What are some signs of imbalances in my cycle
- Cramps or headaches early on in the bleed show some type of stagnation (qi or blood stagnation).
- Cramps or headaches later in the bleed, or towards the end, show deficiency (mostly blood and can also include qi deficiency) because this happens after the loss of blood.
- Weakness or lethargy can also be due to stagnation or deficiency of qi or blood.
- Brown or dark spotting before or at the end of the period can signify stagnation of blood and possibly also qi.
- Dark blood or clots can be due to blood stagnation, blood heat causing stagnation, or blood deficiency causing stagnation.
- Bright red blood can be due to blood heat.
- Pale blood can be due to blood deficiency.
- Other things to notice are bowel movements – do they change during the period? Is there loose stool, diarrhea, or constipation before, during, or after?
- The bleeding time should last anywhere from 3-5 days. It is important to note if the bleeding is heavy or light? Some patients describe barely soaking a pad the whole time, this is way too little. Others have the total opposite problem of bleeding so much that they can’t leave the house!
What’s next in my cycle?
After the bleed, the body continues to prepare for ovulation as estrogen rises and a dominant follicle grows and prepares to release an egg. During this phase, cervical mucus gets produced. Cervical mucus is essential to create a sperm friendly environment in the vagina and allows for sperm to swim more freely to await the release of the egg.
It is important to note cervical mucus consistency. During the time leading up to ovulation (more or less 4 days) the cervical mucus should look like creamy, white lotion. This mucus allows the sperm to survive and advance so that they are ready and close to the egg during ovulation (sperm can survive for up to 5 days!).

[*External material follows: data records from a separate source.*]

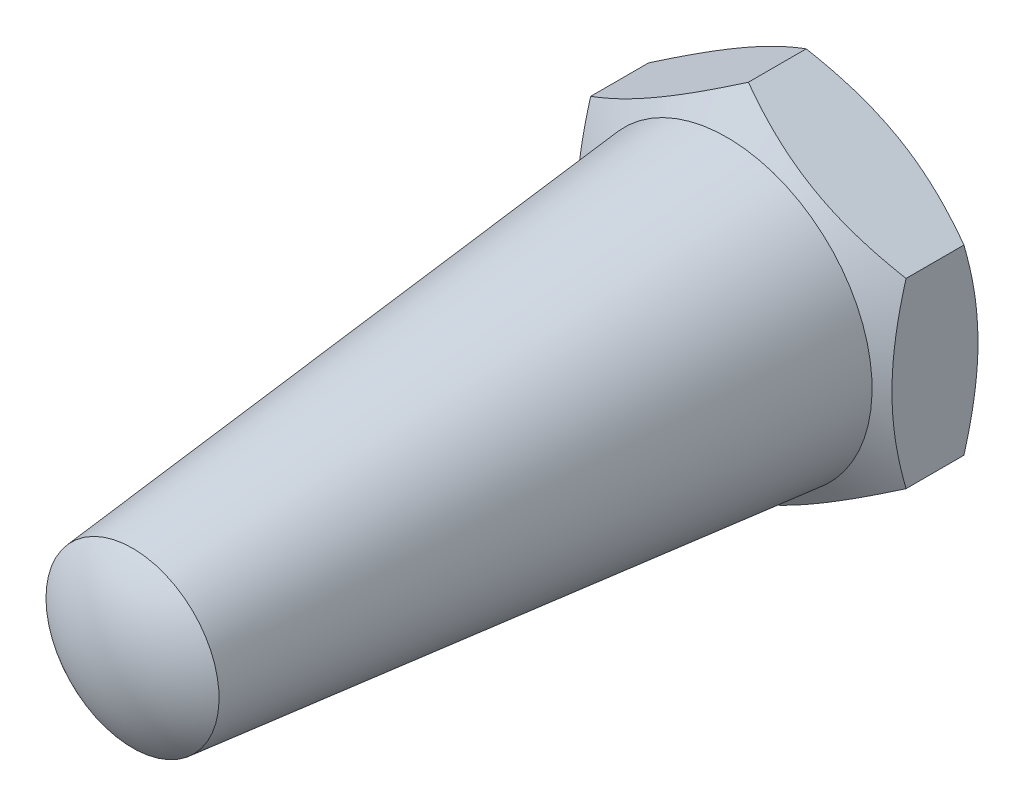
ISO-10303-21;
HEADER;
FILE_DESCRIPTION(('STEP AP214'),'2;1');
FILE_NAME('part.step','',(''),(''),'','','');
FILE_SCHEMA(('AUTOMOTIVE_DESIGN { 1 0 10303 214 1 1 1 1 }'));
ENDSEC;
DATA;
#1=APPLICATION_CONTEXT('core data for automotive mechanical design processes');
#2=APPLICATION_PROTOCOL_DEFINITION('international standard','automotive_design',2000,#1);
#3=PRODUCT_CONTEXT('',#1,'mechanical');
#4=PRODUCT('Part','Part','',(#3));
#5=PRODUCT_RELATED_PRODUCT_CATEGORY('part','',(#4));
#6=PRODUCT_DEFINITION_FORMATION('','',#4);
#7=PRODUCT_DEFINITION_CONTEXT('part definition',#1,'design');
#8=PRODUCT_DEFINITION('design','',#6,#7);
#9=PRODUCT_DEFINITION_SHAPE('','',#8);
#10=(LENGTH_UNIT() NAMED_UNIT(*) SI_UNIT(.MILLI.,.METRE.));
#11=(NAMED_UNIT(*) PLANE_ANGLE_UNIT() SI_UNIT($,.RADIAN.));
#12=(NAMED_UNIT(*) SI_UNIT($,.STERADIAN.) SOLID_ANGLE_UNIT());
#13=UNCERTAINTY_MEASURE_WITH_UNIT(LENGTH_MEASURE(1.E-05),#10,'distance_accuracy_value','');
#14=(GEOMETRIC_REPRESENTATION_CONTEXT(3) GLOBAL_UNCERTAINTY_ASSIGNED_CONTEXT((#13)) GLOBAL_UNIT_ASSIGNED_CONTEXT((#10,
#11,#12)) REPRESENTATION_CONTEXT('',''));
#15=CARTESIAN_POINT('',(0.,0.,0.));
#16=DIRECTION('',(0.,0.,1.));
#17=DIRECTION('',(1.,0.,0.));
#18=AXIS2_PLACEMENT_3D('',#15,#16,#17);
#19=CARTESIAN_POINT('',(0.,0.,0.));
#20=DIRECTION('',(0.,0.,1.));
#21=DIRECTION('',(-0.500000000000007,-0.866025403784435,0.));
#22=AXIS2_PLACEMENT_3D('',#19,#20,#21);
#23=CONICAL_SURFACE('',#22,5.5,1.0471975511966);
#24=CARTESIAN_POINT('',(-5.5,-3.1756574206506,0.491306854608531));
#25=CARTESIAN_POINT('',(-5.5,-3.03605808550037,0.451013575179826));
#26=CARTESIAN_POINT('',(-5.5,-2.89593825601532,0.412548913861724));
#27=CARTESIAN_POINT('',(-5.5,-2.61456066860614,0.339780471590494));
#28=CARTESIAN_POINT('',(-5.5,-2.47330244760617,0.30547848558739));
#29=CARTESIAN_POINT('',(-5.5,-2.0472660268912,0.20948981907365));
#30=CARTESIAN_POINT('',(-5.5,-1.76080610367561,0.154892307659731));
#31=CARTESIAN_POINT('',(-5.5,-1.33212403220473,0.0908698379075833));
#32=CARTESIAN_POINT('',(-5.5,-1.19118276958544,0.0726315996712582));
#33=CARTESIAN_POINT('',(-5.5,-0.908663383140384,0.0420485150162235));
#34=CARTESIAN_POINT('',(-5.5,-0.767085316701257,0.029703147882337));
#35=CARTESIAN_POINT('',(-5.5,-0.483683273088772,0.0112204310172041));
#36=CARTESIAN_POINT('',(-5.5,-0.341859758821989,0.00507603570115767));
#37=CARTESIAN_POINT('',(-5.5,-0.0580895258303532,-0.000879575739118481));
#38=CARTESIAN_POINT('',(-5.5,0.0838571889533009,-0.000690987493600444));
#39=CARTESIAN_POINT('',(-5.5,0.472750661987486,0.0085309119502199));
#40=CARTESIAN_POINT('',(-5.5,0.719570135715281,0.0240139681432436));
#41=CARTESIAN_POINT('',(-5.5,1.21156971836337,0.0731121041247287));
#42=CARTESIAN_POINT('',(-5.5,1.45674809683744,0.1067439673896));
#43=CARTESIAN_POINT('',(-5.5,1.94973792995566,0.190814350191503));
#44=CARTESIAN_POINT('',(-5.5,2.19748717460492,0.241609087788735));
#45=CARTESIAN_POINT('',(-5.5,2.68929089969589,0.356892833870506));
#46=CARTESIAN_POINT('',(-5.5,2.93335167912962,0.421354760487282));
#47=CARTESIAN_POINT('',(-5.5,3.17565742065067,0.491306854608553));
#48=B_SPLINE_CURVE_WITH_KNOTS('',3,(#24,#25,#26,#27,#28,#29,#30,#31,#32,#33,#34,#35,#36,#37,#38,
#39,#40,#41,#42,#43,#44,#45,#46,#47),.UNSPECIFIED.,.F.,.F.,(4,2,2,2,2,2,2,2,2,2,2,4),(0.,
0.435859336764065,0.871905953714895,1.74581116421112,2.17206086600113,2.59827289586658,
3.02400011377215,3.44971418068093,4.19085033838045,4.93267305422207,5.6909489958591,
6.44773620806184),.UNSPECIFIED.);
#49=CARTESIAN_POINT('',(-5.5,0.,0.));
#50=VERTEX_POINT('',#49);
#51=CARTESIAN_POINT('',(-5.5,3.175426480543,0.491240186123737));
#52=VERTEX_POINT('',#51);
#53=EDGE_CURVE('E144',#50,#52,#48,.T.);
#54=ORIENTED_EDGE('',*,*,#53,.T.);
#55=CARTESIAN_POINT('',(-5.5002,3.17531101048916,0.491306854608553));
#56=CARTESIAN_POINT('',(-5.37930342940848,3.24511067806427,0.451013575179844));
#57=CARTESIAN_POINT('',(-5.25795609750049,3.31517059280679,0.41254891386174));
#58=CARTESIAN_POINT('',(-5.01427595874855,3.45585938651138,0.339780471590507));
#59=CARTESIAN_POINT('',(-4.89194275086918,3.52648849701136,0.305478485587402));
#60=CARTESIAN_POINT('',(-4.52298438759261,3.73950670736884,0.20948981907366));
#61=CARTESIAN_POINT('',(-4.27490281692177,3.88273666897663,0.154892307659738));
#62=CARTESIAN_POINT('',(-3.90365325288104,4.09707770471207,0.0908698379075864));
#63=CARTESIAN_POINT('',(-3.78159453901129,4.16754833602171,0.0726315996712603));
#64=CARTESIAN_POINT('',(-3.53692557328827,4.30880802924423,0.0420485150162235));
#65=CARTESIAN_POINT('',(-3.4143153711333,4.3795970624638,0.0297031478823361));
#66=CARTESIAN_POINT('',(-3.16888200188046,4.52129808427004,0.0112204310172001));
#67=CARTESIAN_POINT('',(-3.04605923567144,4.59220984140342,0.00507603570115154));
#68=CARTESIAN_POINT('',(-2.80030700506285,4.73409495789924,-0.000879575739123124));
#69=CARTESIAN_POINT('',(-2.67737754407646,4.80506831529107,-0.000690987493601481));
#70=CARTESIAN_POINT('',(-2.34058591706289,4.99951505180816,0.00853091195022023));
#71=CARTESIAN_POINT('',(-2.12683398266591,5.12292478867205,0.0240139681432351));
#72=CARTESIAN_POINT('',(-1.70074984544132,5.36892457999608,0.0731121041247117));
#73=CARTESIAN_POINT('',(-1.48841914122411,5.49151376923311,0.106743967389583));
#74=CARTESIAN_POINT('',(-1.06147742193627,5.73800868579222,0.190814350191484));
#75=CARTESIAN_POINT('',(-0.846920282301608,5.86188330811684,0.241609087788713));
#76=CARTESIAN_POINT('',(-0.421005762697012,6.10778517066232,0.356892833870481));
#77=CARTESIAN_POINT('',(-0.209642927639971,6.22981556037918,0.421354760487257));
#78=CARTESIAN_POINT('',(0.000200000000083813,6.3509684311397,0.49130685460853));
#79=B_SPLINE_CURVE_WITH_KNOTS('',3,(#55,#56,#57,#58,#59,#60,#61,#62,#63,#64,#65,#66,#67,#68,#69,
#70,#71,#72,#73,#74,#75,#76,#77,#78),.UNSPECIFIED.,.F.,.F.,(4,2,2,2,2,2,2,2,2,2,2,4),(0.,
0.43585933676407,0.871905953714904,1.74581116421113,2.17206086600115,2.59827289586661,
3.02400011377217,3.44971418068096,4.19085033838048,4.93267305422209,5.69094899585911,
6.44773620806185),.UNSPECIFIED.);
#80=CARTESIAN_POINT('',(-2.74999999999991,4.76313972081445,0.));
#81=VERTEX_POINT('',#80);
#82=EDGE_CURVE('E96',#52,#81,#79,.T.);
#83=ORIENTED_EDGE('',*,*,#82,.T.);
#84=CARTESIAN_POINT('',(0.,0.,0.));
#85=DIRECTION('',(0.,0.,-1.));
#86=DIRECTION('',(0.500000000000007,0.866025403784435,0.));
#87=AXIS2_PLACEMENT_3D('',#84,#85,#86);
#88=CIRCLE('',#87,5.5);
#89=EDGE_CURVE('E107',#50,#81,#88,.T.);
#90=ORIENTED_EDGE('',*,*,#89,.F.);
#91=EDGE_LOOP('',(#54,#83,#90));
#92=FACE_BOUND('',#91,.T.);
#93=ADVANCED_FACE('F14',(#92),#23,.T.);
#94=CARTESIAN_POINT('',(2.75000000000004,4.76313972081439,0.));
#95=VERTEX_POINT('',#94);
#96=EDGE_CURVE('E104',#81,#95,#88,.T.);
#97=ORIENTED_EDGE('',*,*,#96,.F.);
#98=CARTESIAN_POINT('',(0.,6.35085296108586,0.491240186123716));
#99=VERTEX_POINT('',#98);
#100=EDGE_CURVE('E110',#81,#99,#79,.T.);
#101=ORIENTED_EDGE('',*,*,#100,.T.);
#102=CARTESIAN_POINT('',(-4.665275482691,9.04435101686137,2.70008996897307));
#103=CARTESIAN_POINT('',(-4.45700252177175,8.92410456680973,2.58329769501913));
#104=CARTESIAN_POINT('',(-4.24825451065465,8.80358384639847,2.46761578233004));
#105=CARTESIAN_POINT('',(-3.82955588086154,8.56184807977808,2.23909648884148));
#106=CARTESIAN_POINT('',(-3.61960508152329,8.44063292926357,2.12625954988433));
#107=CARTESIAN_POINT('',(-3.19718017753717,8.19674579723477,1.90349331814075));
#108=CARTESIAN_POINT('',(-2.98469857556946,8.07406948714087,1.79358291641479));
#109=CARTESIAN_POINT('',(-2.55805535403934,7.82774690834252,1.57821612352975));
#110=CARTESIAN_POINT('',(-2.34389381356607,7.70410068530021,1.47275952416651));
#111=CARTESIAN_POINT('',(-1.90651825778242,7.45158179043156,1.26412065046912));
#112=CARTESIAN_POINT('',(-1.68323704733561,7.3226703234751,1.16112517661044));
#113=CARTESIAN_POINT('',(-1.23407282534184,7.06334523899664,0.962850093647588));
#114=CARTESIAN_POINT('',(-1.00818952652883,6.93293145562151,0.867571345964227));
#115=CARTESIAN_POINT('',(-0.553875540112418,6.67063315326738,0.68720695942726));
#116=CARTESIAN_POINT('',(-0.325450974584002,6.53875216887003,0.60210096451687));
#117=CARTESIAN_POINT('',(0.134674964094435,6.27309833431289,0.444791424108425));
#118=CARTESIAN_POINT('',(0.36637528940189,6.1393260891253,0.372583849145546));
#119=CARTESIAN_POINT('',(0.831886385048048,5.87056313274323,0.24490271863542));
#120=CARTESIAN_POINT('',(1.06567780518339,5.73558359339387,0.18933682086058));
#121=CARTESIAN_POINT('',(1.53619803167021,5.46392861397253,0.0980537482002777));
#122=CARTESIAN_POINT('',(1.77292655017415,5.32725334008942,0.06233464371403));
#123=CARTESIAN_POINT('',(2.24503491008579,5.05468145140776,0.0140608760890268));
#124=CARTESIAN_POINT('',(2.48039113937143,4.91879846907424,0.00120590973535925));
#125=CARTESIAN_POINT('',(2.95120766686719,4.64697242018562,-0.00104219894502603));
#126=CARTESIAN_POINT('',(3.18666796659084,4.5110293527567,0.0095650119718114));
#127=CARTESIAN_POINT('',(3.58557345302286,4.28072116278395,0.0466564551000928));
#128=CARTESIAN_POINT('',(3.74944198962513,4.18611161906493,0.067426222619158));
#129=CARTESIAN_POINT('',(4.07599088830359,3.99757852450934,0.119054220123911));
#130=CARTESIAN_POINT('',(4.2386710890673,3.90365506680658,0.149913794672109));
#131=CARTESIAN_POINT('',(4.72470686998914,3.62304217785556,0.256006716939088));
#132=CARTESIAN_POINT('',(5.04587836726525,3.43761372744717,0.34473536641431));
#133=CARTESIAN_POINT('',(5.52614162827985,3.16033360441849,0.498757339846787));
#134=CARTESIAN_POINT('',(5.68771938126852,3.06704664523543,0.554305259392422));
#135=CARTESIAN_POINT('',(6.00930564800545,2.88137872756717,0.671212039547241));
#136=CARTESIAN_POINT('',(6.16931415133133,2.78899777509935,0.732570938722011));
#137=CARTESIAN_POINT('',(6.4878117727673,2.60511308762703,0.860111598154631));
#138=CARTESIAN_POINT('',(6.64630136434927,2.51360907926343,0.92629179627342));
#139=CARTESIAN_POINT('',(6.96196516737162,2.33136049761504,1.06269233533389));
#140=CARTESIAN_POINT('',(7.1191393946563,2.24061591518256,1.13291262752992));
#141=CARTESIAN_POINT('',(7.49164400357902,2.02555027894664,1.30396587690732));
#142=CARTESIAN_POINT('',(7.70645001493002,1.90153197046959,1.40631864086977));
#143=CARTESIAN_POINT('',(8.13421533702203,1.65456154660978,1.61606120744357));
#144=CARTESIAN_POINT('',(8.34717452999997,1.53160949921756,1.72345132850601));
#145=CARTESIAN_POINT('',(8.7715877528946,1.2865744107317,1.94225171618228));
#146=CARTESIAN_POINT('',(8.98304145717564,1.1644915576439,2.05366282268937));
#147=CARTESIAN_POINT('',(9.40466020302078,0.92106986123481,2.2796959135));
#148=CARTESIAN_POINT('',(9.61482521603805,0.799731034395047,2.39431796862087));
#149=CARTESIAN_POINT('',(10.0343046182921,0.557544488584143,2.62629189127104));
#150=CARTESIAN_POINT('',(10.2436178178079,0.436697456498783,2.74364662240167));
#151=CARTESIAN_POINT('',(10.6613340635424,0.195528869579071,2.98049832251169));
#152=CARTESIAN_POINT('',(10.8697371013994,0.075207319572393,3.09999531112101));
#153=CARTESIAN_POINT('',(11.4937420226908,-0.285062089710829,3.46109375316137));
#154=CARTESIAN_POINT('',(11.9081979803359,-0.524348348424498,3.70533517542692));
#155=CARTESIAN_POINT('',(12.6998512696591,-0.981409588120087,4.17784413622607));
#156=CARTESIAN_POINT('',(13.077228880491,-1.19928865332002,4.4057107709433));
#157=CARTESIAN_POINT('',(13.8305759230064,-1.63423377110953,4.86456308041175));
#158=CARTESIAN_POINT('',(14.2065453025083,-1.85129979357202,5.09554886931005));
#159=CARTESIAN_POINT('',(14.9564251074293,-2.28424310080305,5.55929876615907));
#160=CARTESIAN_POINT('',(15.3303383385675,-2.50012200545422,5.79205683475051));
#161=CARTESIAN_POINT('',(16.077265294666,-2.93136048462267,6.25943215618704));
#162=CARTESIAN_POINT('',(16.4502790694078,-3.14672008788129,6.49404930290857));
#163=CARTESIAN_POINT('',(16.8229623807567,-3.36188889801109,6.72935957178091));
#164=B_SPLINE_CURVE_WITH_KNOTS('',3,(#102,#103,#104,#105,#106,#107,#108,#109,#110,#111,#112,
#113,#114,#115,#116,#117,#118,#119,#120,#121,#122,#123,#124,#125,#126,#127,#128,#129,#130,#131,
#132,#133,#134,#135,#136,#137,#138,#139,#140,#141,#142,#143,#144,#145,#146,#147,#148,#149,#150,
#151,#152,#153,#154,#155,#156,#157,#158,#159,#160,#161,#162,#163),.UNSPECIFIED.,.F.,.F.,(4,2,2,
2,2,2,2,2,2,2,2,2,2,2,2,2,2,2,2,2,2,2,2,2,2,2,2,2,2,2,4),(0.,0.8020666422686,1.60425709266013,
2.41075980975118,3.21722478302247,4.05003181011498,4.88293167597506,5.71413594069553,
6.54508008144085,7.37132416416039,8.19748790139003,9.01271815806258,9.82796068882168,
10.3987510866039,10.9696175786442,12.1119712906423,12.6959233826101,13.2798793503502,
13.863646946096,14.4474074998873,15.2523068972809,16.0572572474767,16.8623767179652,
17.667513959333,18.4735366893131,19.2795668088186,20.8914029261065,22.3666098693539,
23.84187094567,25.3133687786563,26.7847832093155),.UNSPECIFIED.);
#165=EDGE_CURVE('E182',#99,#95,#164,.T.);
#166=ORIENTED_EDGE('',*,*,#165,.T.);
#167=EDGE_LOOP('',(#97,#101,#166));
#168=FACE_BOUND('',#167,.T.);
#169=ADVANCED_FACE('F139',(#168),#23,.T.);
#170=CARTESIAN_POINT('',(5.5,0.,0.));
#171=VERTEX_POINT('',#170);
#172=EDGE_CURVE('E109',#95,#171,#88,.T.);
#173=ORIENTED_EDGE('',*,*,#172,.F.);
#174=CARTESIAN_POINT('',(5.5,3.17542648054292,0.491240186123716));
#175=VERTEX_POINT('',#174);
#176=EDGE_CURVE('E175',#95,#175,#164,.T.);
#177=ORIENTED_EDGE('',*,*,#176,.T.);
#178=CARTESIAN_POINT('',(5.5,3.1756574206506,0.491306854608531));
#179=CARTESIAN_POINT('',(5.5,3.03605808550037,0.451013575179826));
#180=CARTESIAN_POINT('',(5.5,2.89593825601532,0.412548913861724));
#181=CARTESIAN_POINT('',(5.5,2.61456066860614,0.339780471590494));
#182=CARTESIAN_POINT('',(5.5,2.47330244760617,0.30547848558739));
#183=CARTESIAN_POINT('',(5.5,2.0472660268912,0.20948981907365));
#184=CARTESIAN_POINT('',(5.5,1.76080610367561,0.154892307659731));
#185=CARTESIAN_POINT('',(5.5,1.33212403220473,0.0908698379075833));
#186=CARTESIAN_POINT('',(5.5,1.19118276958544,0.0726315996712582));
#187=CARTESIAN_POINT('',(5.5,0.908663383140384,0.0420485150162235));
#188=CARTESIAN_POINT('',(5.5,0.767085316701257,0.029703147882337));
#189=CARTESIAN_POINT('',(5.5,0.483683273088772,0.0112204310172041));
#190=CARTESIAN_POINT('',(5.5,0.341859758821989,0.00507603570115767));
#191=CARTESIAN_POINT('',(5.5,0.0580895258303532,-0.000879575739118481));
#192=CARTESIAN_POINT('',(5.5,-0.0838571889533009,-0.000690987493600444));
#193=CARTESIAN_POINT('',(5.5,-0.472750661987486,0.0085309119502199));
#194=CARTESIAN_POINT('',(5.5,-0.719570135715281,0.0240139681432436));
#195=CARTESIAN_POINT('',(5.5,-1.21156971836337,0.0731121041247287));
#196=CARTESIAN_POINT('',(5.5,-1.45674809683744,0.1067439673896));
#197=CARTESIAN_POINT('',(5.5,-1.94973792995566,0.190814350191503));
#198=CARTESIAN_POINT('',(5.5,-2.19748717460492,0.241609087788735));
#199=CARTESIAN_POINT('',(5.5,-2.68929089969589,0.356892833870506));
#200=CARTESIAN_POINT('',(5.5,-2.93335167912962,0.421354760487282));
#201=CARTESIAN_POINT('',(5.5,-3.17565742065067,0.491306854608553));
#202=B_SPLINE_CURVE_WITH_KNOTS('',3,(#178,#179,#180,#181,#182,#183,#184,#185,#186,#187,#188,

Cervical mucus allows the sperm to survive and advance so that they are ready and close to the egg during ovulation.
The peak mucus on the day of ovulation is an egg white consistency. Many people may think something is wrong when they see mucus and they have never learned what it means! But this is a great sign of fertility health and is another clue that things are functioning correctly during the menstrual cycle. Keep in mind that mucus can be too scarce or excessive and just like everything, needs to be in balance.
After ovulation, the cycle enters the luteal phase which continues until the beginning of the next cycle or into pregnancy. The basal body temperature should rise to around 98 degrees with normal fluctuations that are not too erratic. If the temperature does not rise or if it doesn’t remain high, it may signify a possible ovulatory imbalance. If this is the case it is important to see a specialist such as a Gynecologist, OBGYN, or Reproductive Endocrinologist.